■ **AIM OF THE EXERCISE**:
Please give the entries below again exactly, omitting every picture.
——
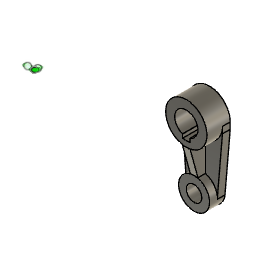
3D v1 (Autodesk Fusion 360 design; units mm, degrees)
Autodesk Fusion 360 part; units mm, degrees
sketch "Sketch1" plane through (0, 0, 0) normal (0, 1, 0) x (1, 0, 0)
  circle A0 centre (0, 0) radius 32
  circle A1 centre (0, 100) radius 24
  line L0 (32, 0) -> (32, 10)
  line L1 (32, 10) -> (23.9079, 102.1006)
  line L2 (-31.9991, 0.2374) -> (-23.9247, 101.9002)
  dimension "d1" = 64
  dimension "d2" = 48
  constraint coincident A0.centre origin
  constraint coincident A0 L0.start
  constraint tangent A0 L0
  constraint vertical L0
  constraint coincident A1 L1.end
  constraint tangent A1 L1
  constraint coincident A0 L2.start
  constraint coincident A1 L2.end
  constraint tangent A1 L2
  measures "d1" diameter of A0
  measures "d2" diameter of A1
extrude "Extrude1" add sketch "Sketch1" along normal blind 12 contours A0 A1 L0 L1 L2 makes body 1
sketch "Sketch2" plane through (0, 12, 0) normal (0, 1, 0) x (-1, 0, 0)
  line L0 (-32, -10) -> (-23.9079, -102.1006)
  arc A0 (23.9247, -101.9002) -> (-23.9079, -102.1006) centre (0, -100) ccw
  line L1 (23.9247, -101.9002) -> (31.6354, -4.8167)
  arc A1 (-32, 0) -> (31.6354, -4.8167) centre (0, 0) ccw
  line L2 (-32, 0) -> (-32, -10)
  circle A2 centre (0, 0) radius 32
  circle A3 centre (0, 0) radius 18
  constraint coincident A1.centre A2.centre
  constraint concentric A2 A3
extrude "Extrude2" add sketch "Sketch2" against normal blind 36 contours A1 A2 bodies 1
sketch "Sketch3" plane through (0, 12, 0) normal (0, 1, 0) x (-1, 0, 0)
  circle A0 centre (0, 0) radius 18
  line L0 (-32, -10) -> (-23.9079, -102.1006)
  arc A1 (23.9247, -101.9002) -> (-23.9079, -102.1006) centre (0, -100) ccw
  line L1 (23.9247, -101.9002) -> (31.6354, -4.8167)
  arc A2 (31.6354, -4.8167) -> (-32, 0) centre (0, 0) ccw
  line L2 (-32, 0) -> (-32, -10)
  circle A3 centre (0, -100) radius 24
  circle A4 centre (0, -100) radius 12
  dimension "d7" = 24
  constraint concentric A1 A3
  constraint concentric A1 A4
  measures "d7" diameter of A4
extrude "Extrude3" add sketch "Sketch3" against normal blind 24 contours A1 A3 bodies 1
sketch "Sketch4" plane through (0, 12, 0) normal (0, 1, 0) x (-1, 0, 0)
  circle A0 centre (0, -100) radius 12
  circle A1 centre (0, 0) radius 18
  line L0 (-32, -10) -> (-23.9079, -102.1006)
  arc A2 (-23.9079, -102.1006) -> (23.9247, -101.9002) centre (0, -100) ccw
  line L1 (23.9247, -101.9002) -> (31.6354, -4.8167)
  arc A3 (31.6354, -4.8167) -> (-32, 0) centre (0, 0) ccw
  line L2 (-32, 0) -> (-32, -10)
  line L3 (-5.7314, -17.0631) -> (6, -17.0631)
  line L4 (6, -17.0631) -> (6, -23)
  line L5 (6, -23) -> (-5.7314, -23)
  line L6 (-5.7314, -23) -> (-5.7314, -17.0631)
  constraint horizontal L3
  constraint vertical L4
  constraint horizontal L5
  constraint vertical L6
  constraint coincident A1 L3.start
extrude "Extrude4" cut sketch "Sketch4" against normal blind 36 contours A1 L3 L4 L5 L6 bodies 1
sketch "Sketch5" plane through (0, 0, 0) normal (1, 0, 0) x (0, 1, 0)
  line L0 (-12, -76) -> (-24, -32)
  line L1 (-24, -32) -> (0, -32)
  line L2 (0, -32) -> (0, -76)
  line L3 (0, -76) -> (-12, -76)
  constraint horizontal L1
  constraint perpendicular L1 L2
  constraint perpendicular L2 L3
extrude "Extrude5" add sketch "Sketch5" along normal blind 6 separate body makes body 2
sketch "Sketch6" plane through (0, 0, 0) normal (-1, 0, 0) x (0, -1, 0)
  line L0 (0, -32) -> (0, -76)
  line L1 (0, -76) -> (12, -76)
  line L2 (12, -76) -> (24, -32)
  line L3 (24, -32) -> (0, -32)
  line L4 (24, -32) -> (0, -32)
  line L5 (0, -76) -> (12, -76)
  constraint coincident L2.end L3.start
  constraint coincident L0.start L3.end
  constraint coincident L0.end L1.start
  constraint coincident L1.end L2.start
extrude "Extrude6" add sketch "Sketch6" along normal blind 6 bodies 2 1
sketch "Sketch7" plane through (0, 0, 0) normal (0, 0, 1) x (1, 0, 0)
  spline S0 degree 5 poles (-200, -70) (-199.5071, -70.1071) (-198.5439, -70.3047) (-197.1668, -70.5516) (-195.4683, -70.7802) (-193.5919, -70.8856) (-191.9888, -70.7912) (-190.6902, -70.4741) (-189.725, -69.9134) (-189.1054, -69.1001) (-188.8176, -68.0441) (-188.8364, -67.0173) (-188.9827, -66.1506) (-189.138, -65.5306) (-189.2301, -65.21) knots 0 0 0 0 0 0 0.1 0.2 0.3 0.4 0.5 0.6 0.7 0.8 0.9 1 1 1 1 1 1
  point P0 (-190, -70)
——
■ **WRITTEN ANSWER**:
3D v1 (Autodesk Fusion 360 design; units mm, degrees)
Autodesk Fusion 360 part; units mm, degrees
sketch "Sketch1" plane through (0, 0, 0) normal (0, 1, 0) x (1, 0, 0)
  circle A0 centre (0, 0) radius 32
  circle A1 centre (0, 100) radius 24
  line L0 (32, 0) -> (32, 10)
  line L1 (32, 10) -> (23.9079, 102.1006)
  line L2 (-31.9991, 0.2374) -> (-23.9247, 101.9002)
  dimension "d1" = 64
  dimension "d2" = 48
  constraint coincident A0.centre origin
  constraint coincident A0 L0.start
  constraint tangent A0 L0
  constraint vertical L0
  constraint coincident A1 L1.end
  constraint tangent A1 L1
  constraint coincident A0 L2.start
  constraint coincident A1 L2.end
  constraint tangent A1 L2
  measures "d1" diameter of A0
  measures "d2" diameter of A1
extrude "Extrude1" add sketch "Sketch1" along normal blind 12 contours A0 A1 L0 L1 L2 makes body 1
sketch "Sketch2" plane through (0, 12, 0) normal (0, 1, 0) x (-1, 0, 0)
  line L0 (-32, -10) -> (-23.9079, -102.1006)
  arc A0 (23.9247, -101.9002) -> (-23.9079, -102.1006) centre (0, -100) ccw
  line L1 (23.9247, -101.9002) -> (31.6354, -4.8167)
  arc A1 (-32, 0) -> (31.6354, -4.8167) centre (0, 0) ccw
  line L2 (-32, 0) -> (-32, -10)
  circle A2 centre (0, 0) radius 32
  circle A3 centre (0, 0) radius 18
  constraint coincident A1.centre A2.centre
  constraint concentric A2 A3
extrude "Extrude2" add sketch "Sketch2" against normal blind 36 contours A1 A2 bodies 1
sketch "Sketch3" plane through (0, 12, 0) normal (0, 1, 0) x (-1, 0, 0)
  circle A0 centre (0, 0) radius 18
  line L0 (-32, -10) -> (-23.9079, -102.1006)
  arc A1 (23.9247, -101.9002) -> (-23.9079, -102.1006) centre (0, -100) ccw
  line L1 (23.9247, -101.9002) -> (31.6354, -4.8167)
  arc A2 (31.6354, -4.8167) -> (-32, 0) centre (0, 0) ccw
  line L2 (-32, 0) -> (-32, -10)
  circle A3 centre (0, -100) radius 24
  circle A4 centre (0, -100) radius 12
  dimension "d7" = 24
  constraint concentric A1 A3
  constraint concentric A1 A4
  measures "d7" diameter of A4
extrude "Extrude3" add sketch "Sketch3" against normal blind 24 contours A1 A3 bodies 1
sketch "Sketch4" plane through (0, 12, 0) normal (0, 1, 0) x (-1, 0, 0)
  circle A0 centre (0, -100) radius 12
  circle A1 centre (0, 0) radius 18
  line L0 (-32, -10) -> (-23.9079, -102.1006)
  arc A2 (-23.9079, -102.1006) -> (23.9247, -101.9002) centre (0, -100) ccw
  line L1 (23.9247, -101.9002) -> (31.6354, -4.8167)
  arc A3 (31.6354, -4.8167) -> (-32, 0) centre (0, 0) ccw
  line L2 (-32, 0) -> (-32, -10)
  line L3 (-5.7314, -17.0631) -> (6, -17.0631)
  line L4 (6, -17.0631) -> (6, -23)
  line L5 (6, -23) -> (-5.7314, -23)
  line L6 (-5.7314, -23) -> (-5.7314, -17.0631)
  constraint horizontal L3
  constraint vertical L4
  constraint horizontal L5
  constraint vertical L6
  constraint coincident A1 L3.start
extrude "Extrude4" cut sketch "Sketch4" against normal blind 36 contours A1 L3 L4 L5 L6 bodies 1
sketch "Sketch5" plane through (0, 0, 0) normal (1, 0, 0) x (0, 1, 0)
  line L0 (-12, -76) -> (-24, -32)
  line L1 (-24, -32) -> (0, -32)
  line L2 (0, -32) -> (0, -76)
  line L3 (0, -76) -> (-12, -76)
  constraint horizontal L1
  constraint perpendicular L1 L2
  constraint perpendicular L2 L3
extrude "Extrude5" add sketch "Sketch5" along normal blind 6 separate body makes body 2
sketch "Sketch6" plane through (0, 0, 0) normal (-1, 0, 0) x (0, -1, 0)
  line L0 (0, -32) -> (0, -76)
  line L1 (0, -76) -> (12, -76)
  line L2 (12, -76) -> (24, -32)
  line L3 (24, -32) -> (0, -32)
  line L4 (24, -32) -> (0, -32)
  line L5 (0, -76) -> (12, -76)
  constraint coincident L2.end L3.start
  constraint coincident L0.start L3.end
  constraint coincident L0.end L1.start
  constraint coincident L1.end L2.start
extrude "Extrude6" add sketch "Sketch6" along normal blind 6 bodies 2 1
sketch "Sketch7" plane through (0, 0, 0) normal (0, 0, 1) x (1, 0, 0)
  spline S0 degree 5 poles (-200, -70) (-199.5071, -70.1071) (-198.5439, -70.3047) (-197.1668, -70.5516) (-195.4683, -70.7802) (-193.5919, -70.8856) (-191.9888, -70.7912) (-190.6902, -70.4741) (-189.725, -69.9134) (-189.1054, -69.1001) (-188.8176, -68.0441) (-188.8364, -67.0173) (-188.9827, -66.1506) (-189.138, -65.5306) (-189.2301, -65.21) knots 0 0 0 0 0 0 0.1 0.2 0.3 0.4 0.5 0.6 0.7 0.8 0.9 1 1 1 1 1 1
  point P0 (-190, -70)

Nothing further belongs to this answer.